How to prove that the intersection of ideals is an ideal

Question

Given $R$ is a ring, $X\subseteq H_i$ and $H_i$ is an ideal of $G$ for each $i=1,2,...,n$.
Prove that $H_1∩H_2∩...∩H_n$ is an ideal of $G$ and contains $X$.

That is a question I get from random source. I myself am not sure whether the question is right or not since $G$ is not defined yet, so I just assume that $G$ is the ring $R$ .

A literature states that:
Given non-empty set $S$, $S \subseteq R$, $S$ is an ideal if
$\forall s_1,s_2 \in S$, $s_1-s_2 \in S$, and
$(\forall r \in R) (\forall s \in S)$ $rs,sr \in S$.


Here is my try:
For $i=1,2,...,n$, $H_i$ is an ideal of $R$ which means that $H_i\subseteq R$ and thus also $H_1∩H_2∩...∩H_n \subseteq R$
To prove that $H_1∩H_2∩...∩H_n$ is an ideal of $R$, It should be shown that
$\forall a,b \in H_1∩H_2∩...∩H_n$, $a-b \in H_1∩H_2∩...∩H_n$, and
$(\forall r \in R) (\forall a \in H_1∩H_2∩...∩H_n)$ $ra,ar \in H_1∩H_2∩...∩H_n$.
What confused me is that I don't know what guarantee $a-b,ra,ar \in H_1∩H_2∩...∩H_n$, and $X$ is contained in $G$.
Can anyone explain?
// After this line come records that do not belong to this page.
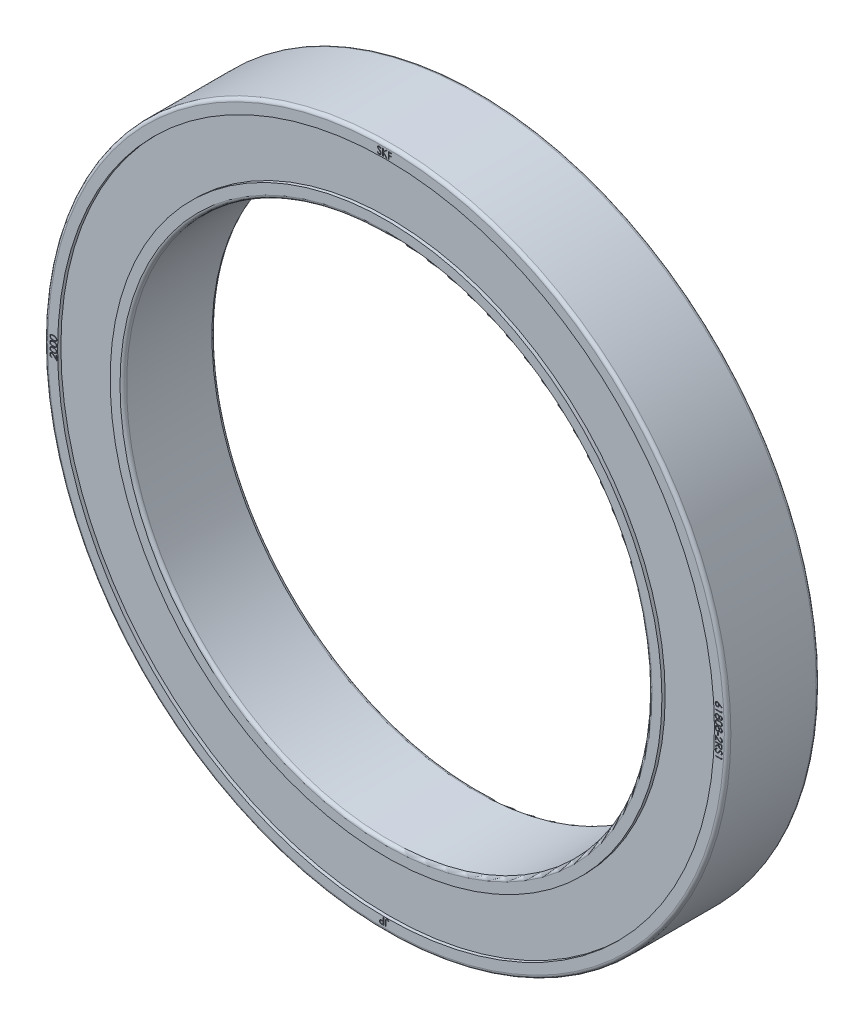
from build123d import *

# Parameters (mm, degrees)
SKETCH1_R           = 26
SKETCH1_R_2         = 20
BOSS_EXTRUDE1_DEPTH = 7
SKETCH2_R           = 25
SKETCH2_R_2         = 21
CUT_EXTRUDE1_DEPTH  = 0.25
CUT_EXTRUDE2_START  = -0.25
SKETCH3_R           = 25
SKETCH3_R_2         = 21
CUT_EXTRUDE2_DEPTH  = 0.25
FILLET1_R           = 0.25
CUT_EXTRUDE3_DEPTH  = 0.1
SKETCH5_W           = 0.053743489
SKETCH5_H           = 0.201538086
CUT_EXTRUDE4_DEPTH  = 0.1
CUT_EXTRUDE5_DEPTH  = 0.1
CUT_EXTRUDE6_DEPTH  = 0.1


with BuildPart() as part:
    # Sketch1 → Boss-Extrude1 (new body)
    with BuildSketch(Plane.XY):
        Circle(SKETCH1_R)
        Circle(SKETCH1_R_2, mode=Mode.SUBTRACT)
    extrude(amount=BOSS_EXTRUDE1_DEPTH)

    # Sketch2 → Cut-Extrude1 (cut)
    with BuildSketch(Plane.XY.offset(7)):
        Circle(SKETCH2_R)
        Circle(SKETCH2_R_2, mode=Mode.SUBTRACT)
    extrude(amount=-CUT_EXTRUDE1_DEPTH, mode=Mode.SUBTRACT)

    # Sketch3 → Cut-Extrude2 (cut)
    with BuildSketch(Plane(origin=(0, 0, 0), x_dir=(-1, 0, 0), z_dir=(0, 0, -1)).offset(CUT_EXTRUDE2_START)):
        Circle(SKETCH3_R)
        Circle(SKETCH3_R_2, mode=Mode.SUBTRACT)
    extrude(amount=CUT_EXTRUDE2_DEPTH, mode=Mode.SUBTRACT)

    # Fillet1
    fillet1_edges = [part.edges().sort_by_distance(p)[0] for p in [
        (-26, 0, 0),
        (-26, 0, 7),
        (-20, 0, 0),
        (-20, 0, 7),
    ]]
    fillet(fillet1_edges, radius=FILLET1_R)

    # Sketch4 → Cut-Extrude3 (cut)
    with BuildSketch(Plane.XY.offset(7)):
        with BuildLine():
            Line((-0.672721354, 25.186610114), (-0.628424962, 25.213166956))
            add(Edge.make_bspline(
                [(-0.628424962, 25.213166956), (-0.624305097, 25.206270472), (-0.616411593, 25.193057076), (-0.603244043, 25.175202477), (-0.58960017, 25.160027142), (-0.575378936, 25.147619353), (-0.560667147, 25.137850681), (-0.545368763, 25.130933559), (-0.529535338, 25.126619404), (-0.518759848, 25.126095392), (-0.513380305, 25.125833785)],
                knots=[0, 0, 0, 0, 1.272034388, 2.437168799, 3.508375237, 4.49857839, 5.41946034, 6.295179144, 7.148887113, 8, 8, 8, 8], degree=3))
            add(Edge.make_bspline(
                [(-0.513380305, 25.125833785), (-0.508786052, 25.125961742), (-0.499677935, 25.126215416), (-0.486269213, 25.12865288), (-0.473246819, 25.132397546), (-0.460879149, 25.137760441), (-0.449336855, 25.144248819), (-0.439215186, 25.152085775), (-0.430464984, 25.160859945), (-0.42330729, 25.170648644), (-0.417815775, 25.181176106), (-0.413595028, 25.191981857), (-0.411252741, 25.203235645), (-0.410899902, 25.21081274), (-0.410721842, 25.214636504)],
                knots=[0, 0, 0, 0, 1.095163259, 2.171163733, 3.241058638, 4.321873601, 5.38011039, 6.391990106, 7.366004449, 8.327778327, 9.272591725, 10.192022065, 11.087607919, 12, 12, 12, 12], degree=3))
            add(Edge.make_bspline(
                [(-0.410721842, 25.214636504), (-0.410942567, 25.218999298), (-0.411391269, 25.227868219), (-0.415183746, 25.240953171), (-0.421149737, 25.25390232), (-0.426653619, 25.261912209), (-0.42951107, 25.266070703)],
                knots=[0, 0, 0, 0, 0.938893495, 1.908633276, 2.914225137, 4, 4, 4, 4], degree=3))
            add(Edge.make_bspline(
                [(-0.42951107, 25.266070703), (-0.431857181, 25.269071994), (-0.436782546, 25.275372827), (-0.445249998, 25.284751696), (-0.455185935, 25.294425979), (-0.466250332, 25.304765087), (-0.478846234, 25.315288154), (-0.492579128, 25.326496984), (-0.507799631, 25.337965313), (-0.518474165, 25.345656506), (-0.523982048, 25.349625035)],
                knots=[0, 0, 0, 0, 0.722233717, 1.516239348, 2.393582979, 3.351407094, 4.387010283, 5.505090956, 6.712668013, 8, 8, 8, 8], degree=3))
            add(Edge.make_bspline(
                [(-0.523982048, 25.349625035), (-0.529495116, 25.353551822), (-0.540035682, 25.361059539), (-0.554776311, 25.372201897), (-0.5679578, 25.382389017), (-0.579521563, 25.391716801), (-0.589462513, 25.400186512), (-0.597858985, 25.407716818), (-0.604497088, 25.414511373), (-0.608188374, 25.418919154), (-0.60984567, 25.420898139)],
                knots=[0, 0, 0, 0, 1.452282411, 2.77665338, 3.964542531, 5.026858415, 5.96415736, 6.766646006, 7.446254459, 8, 8, 8, 8], degree=3))
            add(Edge.make_bspline(
                [(-0.60984567, 25.420898139), (-0.612162127, 25.423982403), (-0.61671775, 25.430048021), (-0.622731163, 25.43952864), (-0.627842274, 25.44923359), (-0.63184897, 25.459188953), (-0.635222958, 25.469254963), (-0.637492312, 25.479562959), (-0.638913308, 25.490066687), (-0.639058828, 25.497135209), (-0.639131673, 25.500673631)],
                knots=[0, 0, 0, 0, 1.068054152, 2.10047183, 3.106115577, 4.101338837, 5.06977816, 6.043150881, 7.020423561, 8, 8, 8, 8], degree=3))
            add(Edge.make_bspline(
                [(-0.639131673, 25.500673631), (-0.638936265, 25.506217507), (-0.638549626, 25.517186763), (-0.635279794, 25.533210777), (-0.630118719, 25.548509515), (-0.622888298, 25.562931515), (-0.6135675, 25.576101255), (-0.602781209, 25.588170223), (-0.589934027, 25.598316129), (-0.575838061, 25.607181003), (-0.560409079, 25.614119638), (-0.544241328, 25.619353786), (-0.527309112, 25.622319509), (-0.51584055, 25.622745111), (-0.510021337, 25.622961064)],
                knots=[0, 0, 0, 0, 1.005424448, 1.989358655, 2.955360095, 3.929531133, 4.905563448, 5.876582895, 6.856512386, 7.866279853, 8.892233794, 9.918561126, 10.94386622, 12, 12, 12, 12], degree=3))
            add(Edge.make_bspline(
                [(-0.510021337, 25.622961064), (-0.503846517, 25.622748088), (-0.491566772, 25.622324547), (-0.473503895, 25.618641952), (-0.456113008, 25.612548491), (-0.442123243, 25.605633402), (-0.431174244, 25.598726883), (-0.422824285, 25.592435927), (-0.414362831, 25.585193495), (-0.40572163, 25.576980298), (-0.397047101, 25.567720973), (-0.388210464, 25.557478935), (-0.379191053, 25.546316774), (-0.373388758, 25.538348321), (-0.370414225, 25.534263312)],
                knots=[0, 0, 0, 0, 1.286793592, 2.559021753, 3.825965368, 5.121522368, 5.803751409, 6.523245864, 7.299691795, 8.125521123, 9.008227632, 9.944561021, 10.946284179, 12, 12, 12, 12], degree=3))
            Line((-0.370414225, 25.534263312), (-0.412926165, 25.502038212))
            add(Edge.make_bspline(
                [(-0.412926165, 25.502038212), (-0.415493152, 25.505345199), (-0.420436567, 25.511713681), (-0.427941653, 25.520632341), (-0.435015438, 25.528779251), (-0.441984684, 25.535855502), (-0.448481319, 25.54224861), (-0.45478683, 25.547722117), (-0.460810476, 25.552329655), (-0.468403508, 25.557246796), (-0.477942943, 25.562120961), (-0.489917748, 25.566245444), (-0.502431784, 25.568723968), (-0.510954948, 25.569051675), (-0.515269725, 25.569217574)],
                knots=[0, 0, 0, 0, 1.181633172, 2.275549214, 3.290209073, 4.226197932, 5.078386478, 5.862611352, 6.581680152, 7.217281963, 8.414376989, 9.595101626, 10.782541182, 12, 12, 12, 12], degree=3))
            add(Edge.make_bspline(
                [(-0.515269725, 25.569217574), (-0.520682862, 25.569036166), (-0.531121589, 25.568686337), (-0.545941814, 25.564865637), (-0.559280422, 25.55884985), (-0.570741413, 25.550418709), (-0.580283732, 25.540429642), (-0.587186365, 25.528934772), (-0.591340953, 25.516241659), (-0.591847926, 25.507387324), (-0.59210612, 25.502877954)],
                knots=[0, 0, 0, 0, 1.14458467, 2.207223713, 3.21896685, 4.227309161, 5.202851033, 6.127160689, 7.046193047, 8, 8, 8, 8], degree=3))
            add(Edge.make_bspline(
                [(-0.59210612, 25.502877954), (-0.592047263, 25.500070595), (-0.591929454, 25.494451287), (-0.590286373, 25.486149432), (-0.588175506, 25.47786855), (-0.584830501, 25.46964587), (-0.580212527, 25.461337587), (-0.574148335, 25.452800634), (-0.566510927, 25.443959766), (-0.560660551, 25.438209645), (-0.557571729, 25.435173754)],
                knots=[0, 0, 0, 0, 0.858281714, 1.717966888, 2.583508476, 3.4729293, 4.427298488, 5.488583878, 6.674047936, 8, 8, 8, 8], degree=3))
            add(Edge.make_bspline(
                [(-0.557571729, 25.435173754), (-0.556424714, 25.434150155), (-0.55369967, 25.431718319), (-0.548717798, 25.427737082), (-0.542138945, 25.422826048), (-0.534134905, 25.416749558), (-0.524558095, 25.409700804), (-0.513407462, 25.401769912), (-0.500807302, 25.39269942), (-0.491866094, 25.386357903), (-0.487138367, 25.38300478)],
                knots=[0, 0, 0, 0, 0.420754252, 0.999615792, 1.744751191, 2.668019286, 3.750313428, 4.999500688, 6.413464383, 8, 8, 8, 8], degree=3))
            add(Edge.make_bspline(
                [(-0.487138367, 25.38300478), (-0.481451343, 25.378866482), (-0.470439211, 25.37085324), (-0.454770505, 25.358813886), (-0.440563573, 25.347039213), (-0.427768535, 25.335604416), (-0.416258985, 25.32459623), (-0.406162613, 25.31388222), (-0.397376545, 25.303539142), (-0.387917731, 25.290278587), (-0.378252521, 25.273992535), (-0.369952151, 25.254038916), (-0.364718397, 25.234007733), (-0.364033977, 25.220544426), (-0.363696289, 25.21390173)],
                knots=[0, 0, 0, 0, 1.163667725, 2.253281268, 3.268753668, 4.215851969, 5.092017293, 5.902905408, 6.650798638, 7.335211899, 8.59617414, 9.77448103, 10.901945474, 12, 12, 12, 12], degree=3))
            add(Edge.make_bspline(
                [(-0.363696289, 25.21390173), (-0.363794672, 25.209203949), (-0.363989527, 25.199899615), (-0.366229385, 25.186237452), (-0.369511066, 25.17296817), (-0.374457203, 25.160255787), (-0.380494144, 25.147867737), (-0.388154448, 25.136128976), (-0.397033639, 25.124779696), (-0.407219247, 25.114122531), (-0.418364841, 25.10433929), (-0.430144893, 25.095636555), (-0.442578682, 25.088380168), (-0.455598757, 25.082458853), (-0.46920811, 25.077827672), (-0.483402164, 25.074472152), (-0.498204314, 25.072412729), (-0.508265168, 25.072198973), (-0.513380305, 25.072090296)],
                knots=[0, 0, 0, 0, 0.983748083, 1.948392443, 2.894712957, 3.844097841, 4.80183111, 5.778335162, 6.776009319, 7.81870978, 8.863265674, 9.881300176, 10.883814829, 11.87499822, 12.874611388, 13.892143829, 14.928324115, 16, 16, 16, 16], degree=3))
            add(Edge.make_bspline(
                [(-0.513380305, 25.072090296), (-0.517338046, 25.072166827), (-0.525203685, 25.072318925), (-0.536837883, 25.073663548), (-0.548237046, 25.07556598), (-0.559258135, 25.078586321), (-0.570043144, 25.082250867), (-0.580545168, 25.086762997), (-0.590769295, 25.092170248), (-0.600772823, 25.098352692), (-0.61053031, 25.105547609), (-0.619950235, 25.113927626), (-0.629341673, 25.123261621), (-0.638427426, 25.133803069), (-0.647391275, 25.145381663), (-0.656056483, 25.158105734), (-0.664602416, 25.171905975), (-0.669964493, 25.181617187), (-0.672721354, 25.186610114)],
                knots=[0, 0, 0, 0, 0.915332311, 1.819136955, 2.706846663, 3.586547465, 4.459518054, 5.340707479, 6.227863349, 7.133153174, 8.059268498, 9.028702269, 10.047606654, 11.120612155, 12.245963614, 13.433783089, 14.680604001, 16, 16, 16, 16], degree=3))
        make_face()
        Polygon((-0.25620931, 25.609525191), (-0.209183757, 25.609525191), (-0.209183757, 25.409981493), (0.009254138, 25.609525191), (0.076328532, 25.609525191), (-0.181157366, 25.374397424), (0.09648234, 25.085526168), (0.033816592, 25.085526168), (-0.209183757, 25.338393485), (-0.209183757, 25.085526168), (-0.25620931, 25.085526168), align=None)
        Polygon((0.173738607, 25.609525191), (0.429020182, 25.609525191), (0.429020182, 25.555781702), (0.22076416, 25.555781702), (0.22076416, 25.394551233), (0.429020182, 25.394551233), (0.429020182, 25.340807743), (0.22076416, 25.340807743), (0.22076416, 25.085526168), (0.173738607, 25.085526168), align=None)
    extrude(amount=-CUT_EXTRUDE3_DEPTH, mode=Mode.SUBTRACT)

    # Sketch5 → Cut-Extrude4 (cut)
    # profile 1 of 10: a face of its own
    with BuildSketch(Plane.XY.offset(7)):
        with BuildLine():
            Line((25.606403456, 1.63338623), (25.577957195, 1.597172356))
            Line((25.577957195, 1.597172356), (25.366237237, 1.735624822))
            add(Edge.make_bspline(
                [(25.366237237, 1.735624822), (25.36770651, 1.726406889), (25.370572492, 1.708426269), (25.37104528, 1.690226151), (25.37127569, 1.681356494)],
                knots=[0, 0, 0, 0, 1.025318673, 2, 2, 2, 2], degree=3))
            add(Edge.make_bspline(
                [(25.37127569, 1.681356494), (25.371132546, 1.676030793), (25.370850773, 1.665547309), (25.368682338, 1.650155691), (25.365265099, 1.635365603), (25.360283776, 1.621238348), (25.353920578, 1.607723218), (25.346294316, 1.594742655), (25.337011197, 1.582540663), (25.326641263, 1.570960108), (25.315155656, 1.560446128), (25.302968735, 1.551137501), (25.290093199, 1.543318419), (25.276535568, 1.536974449), (25.26231674, 1.532048128), (25.24745491, 1.528456842), (25.231939827, 1.526333958), (25.221388257, 1.526045685), (25.216028383, 1.525899251)],
                knots=[0, 0, 0, 0, 1.04369286, 2.054478336, 3.041073146, 4.015093852, 4.984733326, 5.965804835, 6.960378782, 7.985147595, 9.009457201, 10.008161701, 10.986880575, 11.956520048, 12.937015923, 13.931873656, 14.949455224, 16, 16, 16, 16], degree=3))
            add(Edge.make_bspline(
                [(25.216028383, 1.525899251), (25.208699794, 1.526172708), (25.194287369, 1.526710489), (25.173208024, 1.530625308), (25.153287364, 1.537381411), (25.134447105, 1.546420267), (25.117235405, 1.558147471), (25.101680644, 1.572044853), (25.088122384, 1.588243782), (25.076491318, 1.606360663), (25.06725045, 1.625968754), (25.060418489, 1.64652848), (25.056336218, 1.667864106), (25.055801763, 1.682353931), (25.055532688, 1.689648946)],
                knots=[0, 0, 0, 0, 1.031881447, 2.029301251, 3.006342947, 3.987068354, 4.962916383, 5.929513747, 6.915671209, 7.928552063, 8.953527267, 9.960179832, 10.973036711, 12, 12, 12, 12], degree=3))
            add(Edge.make_bspline(
                [(25.055532688, 1.689648946), (25.055761481, 1.696699983), (25.056214681, 1.710666853), (25.060251868, 1.731212505), (25.066795401, 1.750954321), (25.075810443, 1.769753532), (25.087196925, 1.787169412), (25.100906732, 1.802745609), (25.116636861, 1.816427931), (25.134435565, 1.827754473), (25.153438265, 1.836985635), (25.173433232, 1.843496507), (25.194018061, 1.847707105), (25.208030395, 1.848141521), (25.215083673, 1.848360189)],
                knots=[0, 0, 0, 0, 1.011913813, 2.004424092, 2.994488568, 3.992479987, 4.990471406, 5.973328987, 6.963763268, 7.974390938, 8.994854117, 9.989689954, 10.988086187, 12, 12, 12, 12], degree=3))
            add(Edge.make_bspline(
                [(25.215083673, 1.848360189), (25.220478087, 1.848170284), (25.231487549, 1.847782708), (25.24820992, 1.845469699), (25.265253447, 1.841227356), (25.279701695, 1.836636215), (25.291667462, 1.832080417), (25.301116513, 1.827856176), (25.311095013, 1.82313296), (25.321414161, 1.817596693), (25.332368796, 1.811727803), (25.343553235, 1.804872274), (25.355375968, 1.797718423), (25.36324736, 1.792477695), (25.367286915, 1.789788183)],
                knots=[0, 0, 0, 0, 1.17367173, 2.395347028, 3.66355231, 4.98980831, 5.690886799, 6.447442954, 7.240630024, 8.091733897, 8.994365608, 9.943299771, 10.944512865, 12, 12, 12, 12], degree=3))
            Line((25.367286915, 1.789788183), (25.606403456, 1.63338623))
        make_face()
        with BuildLine():
            add(Edge.make_bspline(
                [(25.3175322, 1.691223462), (25.317414173, 1.695215049), (25.317182605, 1.703046508), (25.315874706, 1.714521897), (25.313396596, 1.725353283), (25.310191104, 1.735664378), (25.305826603, 1.745347714), (25.300587964, 1.754513749), (25.294359564, 1.763071529), (25.287210849, 1.770870765), (25.279498368, 1.77803239), (25.27118812, 1.784192557), (25.262533996, 1.789512111), (25.25345466, 1.793835767), (25.243955934, 1.797202943), (25.234080883, 1.799638502), (25.223763453, 1.800993982), (25.216766942, 1.801219485), (25.213194253, 1.801334635)],
                knots=[0, 0, 0, 0, 1.129474985, 2.216020618, 3.260639938, 4.268601163, 5.26556745, 6.258792394, 7.250684778, 8.252748164, 9.247500881, 10.223461414, 11.174097059, 12.117127289, 13.062595836, 14.020469732, 14.98917545, 16, 16, 16, 16], degree=3))
            add(Edge.make_bspline(
                [(25.213194253, 1.801334635), (25.209653655, 1.801240619), (25.202711068, 1.801056266), (25.192477813, 1.799390055), (25.182639099, 1.796826732), (25.17318773, 1.793074706), (25.164175263, 1.788368568), (25.155537679, 1.782577146), (25.147269016, 1.775798503), (25.13957778, 1.767918465), (25.132523192, 1.759420608), (25.126241773, 1.750433562), (25.120967062, 1.740985901), (25.116796986, 1.731023717), (25.113381595, 1.720686488), (25.110976492, 1.709895354), (25.109617138, 1.698640834), (25.109391323, 1.691017119), (25.109276178, 1.68712972)],
                knots=[0, 0, 0, 0, 0.989642335, 1.94054129, 2.892446913, 3.828371744, 4.778262963, 5.730973156, 6.732161388, 7.763274768, 8.805796303, 9.818398792, 10.825975928, 11.825728216, 12.834635236, 13.867465554, 14.912602056, 16, 16, 16, 16], degree=3))
            add(Edge.make_bspline(
                [(25.109276178, 1.68712972), (25.109391314, 1.683242315), (25.109617112, 1.675618587), (25.110976594, 1.664364158), (25.113381222, 1.65357269), (25.116798338, 1.643236676), (25.120962048, 1.633270002), (25.126274826, 1.623814071), (25.132485001, 1.614741223), (25.139589922, 1.606248941), (25.147225557, 1.598335967), (25.155612546, 1.591716094), (25.164106613, 1.585741708), (25.173223644, 1.58121632), (25.182633409, 1.577422508), (25.192479337, 1.574872117), (25.202710669, 1.573202459), (25.20965352, 1.57301858), (25.213194253, 1.572924805)],
                knots=[0, 0, 0, 0, 1.087205562, 2.132157158, 3.164804748, 4.173533273, 5.173108684, 6.180507559, 7.20098426, 8.243321352, 9.274252308, 10.269075238, 11.227079059, 12.172305571, 13.108064818, 14.05980203, 15.010532752, 16, 16, 16, 16], degree=3))
            add(Edge.make_bspline(
                [(25.213194253, 1.572924805), (25.216772018, 1.573006231), (25.223794005, 1.573166044), (25.234071587, 1.575008626), (25.244036235, 1.577497339), (25.253463479, 1.581519327), (25.262614021, 1.586309843), (25.271226331, 1.592412646), (25.279544397, 1.599409659), (25.287262, 1.607512879), (25.294321147, 1.616328457), (25.300552027, 1.625703181), (25.305810767, 1.635510565), (25.310198441, 1.645741134), (25.313364816, 1.656511986), (25.315858039, 1.667649263), (25.317184807, 1.679295402), (25.317414927, 1.687196799), (25.3175322, 1.691223462)],
                knots=[0, 0, 0, 0, 0.978265087, 1.920016216, 2.851775529, 3.783928695, 4.718195979, 5.674835085, 6.667117013, 7.690134047, 8.732874136, 9.755756613, 10.767227014, 11.776017537, 12.797239016, 13.836276431, 14.897336092, 16, 16, 16, 16], degree=3))
        make_face(mode=Mode.SUBTRACT)
    # profile 2 of 10: a face of its own
    with BuildSketch(Plane.XY.offset(7)):
        Polygon((25.592967584, 1.360784976), (25.592967584, 1.26389974), (25.068968561, 1.26389974), (25.068968561, 1.310925293), (25.539224094, 1.310925293), (25.539224094, 1.391540527), align=None)
    # profile 3 of 10: a face of its own
    with BuildSketch(Plane.XY.offset(7)):
        with BuildLine():
            add(Edge.make_bspline(
                [(25.360883882, 0.814322853), (25.358644727, 0.810070025), (25.354263966, 0.801749645), (25.347232867, 0.789844759), (25.339887962, 0.77888413), (25.332459815, 0.768711553), (25.324654812, 0.759534516), (25.316562043, 0.751292293), (25.308398286, 0.743726305), (25.299844109, 0.737234324), (25.291075942, 0.731509591), (25.282018415, 0.726568821), (25.272700097, 0.722343884), (25.263016968, 0.718995952), (25.253111878, 0.716237921), (25.242856763, 0.714340214), (25.232319244, 0.713319623), (25.225197602, 0.71312667), (25.221591674, 0.713028971)],
                knots=[0, 0, 0, 0, 1.264385854, 2.473688339, 3.635349404, 4.734491366, 5.785876313, 6.801388178, 7.772322209, 8.711311751, 9.622826105, 10.524996139, 11.423212571, 12.31118177, 13.217849097, 14.126010572, 15.051135535, 16, 16, 16, 16], degree=3))
            add(Edge.make_bspline(
                [(25.221591674, 0.713028971), (25.216546305, 0.713143436), (25.206559626, 0.713370006), (25.191825901, 0.715376136), (25.177482407, 0.718304041), (25.163667814, 0.722863423), (25.150209008, 0.72830932), (25.137352073, 0.735315148), (25.124737496, 0.743177213), (25.116980195, 0.749504957), (25.113055017, 0.752706782)],
                knots=[0, 0, 0, 0, 1.02534174, 2.029536028, 3.018826961, 3.997522084, 4.983122576, 5.966563916, 6.971085759, 8, 8, 8, 8], degree=3))
            add(Edge.make_bspline(
                [(25.113055017, 0.752706782), (25.1084747, 0.756874292), (25.099370668, 0.765157813), (25.087550626, 0.779348145), (25.077617192, 0.794921678), (25.069521872, 0.811818151), (25.063221029, 0.829992399), (25.058693301, 0.849440548), (25.056099891, 0.870200514), (25.055725008, 0.884469078), (25.055532688, 0.891789055)],
                knots=[0, 0, 0, 0, 0.954267603, 1.896743057, 2.838368354, 3.796610408, 4.779680527, 5.799409237, 6.871065594, 8, 8, 8, 8], degree=3))
            add(Edge.make_bspline(
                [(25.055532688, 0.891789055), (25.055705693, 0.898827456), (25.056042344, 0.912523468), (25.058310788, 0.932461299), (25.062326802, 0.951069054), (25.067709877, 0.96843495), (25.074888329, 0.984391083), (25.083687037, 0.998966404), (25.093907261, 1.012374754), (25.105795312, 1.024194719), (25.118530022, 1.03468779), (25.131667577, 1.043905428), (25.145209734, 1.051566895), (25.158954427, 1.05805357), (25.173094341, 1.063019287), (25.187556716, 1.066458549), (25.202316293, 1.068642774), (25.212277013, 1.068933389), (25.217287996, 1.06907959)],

Thank you.

Answer 1

My comment above is already a hint. And here the definition along with a further hint are listed.
Definition:
A subset $I$ of a ring $R$ is called an ideal if it satisfies the following two conditions:
I. $$\forall a, b\in I, a-b\in I.$$
II. $$\forall a\in I, r\in R, ra\in I.$$

Notice that the first implies that $I$ is a subgroup under the addition in $R.$
Hint:
If an element $a$ belongs to every element $I_\lambda$ of a family $\{I_\lambda\}_{\lambda\in\Lambda}$ of ideals, then also $a\in \bigcap_{\lambda\in\Lambda} I_\lambda.$

Hope this helps.

Answer 2

Put $S=H_1\cap\cdots\cap H_n$.

To see that $S$ is an ideal, just verify that for any $a\in S$ and $r\in R$, we have (i) $ra\in S$ because $\forall i:a\in H_i$ by definition of $S$ and $\forall i:ra\in H_i$ by definition of ideal, hence $ra\in S$; we also have that (ii) $a,b\in S\Rightarrow a+b\in S$, since certainly $\forall i:a,b\in H_i$ by definition of $S$ and $\forall i:a+b\in H_i$ by definition of ideal, hence $a+b\in S$.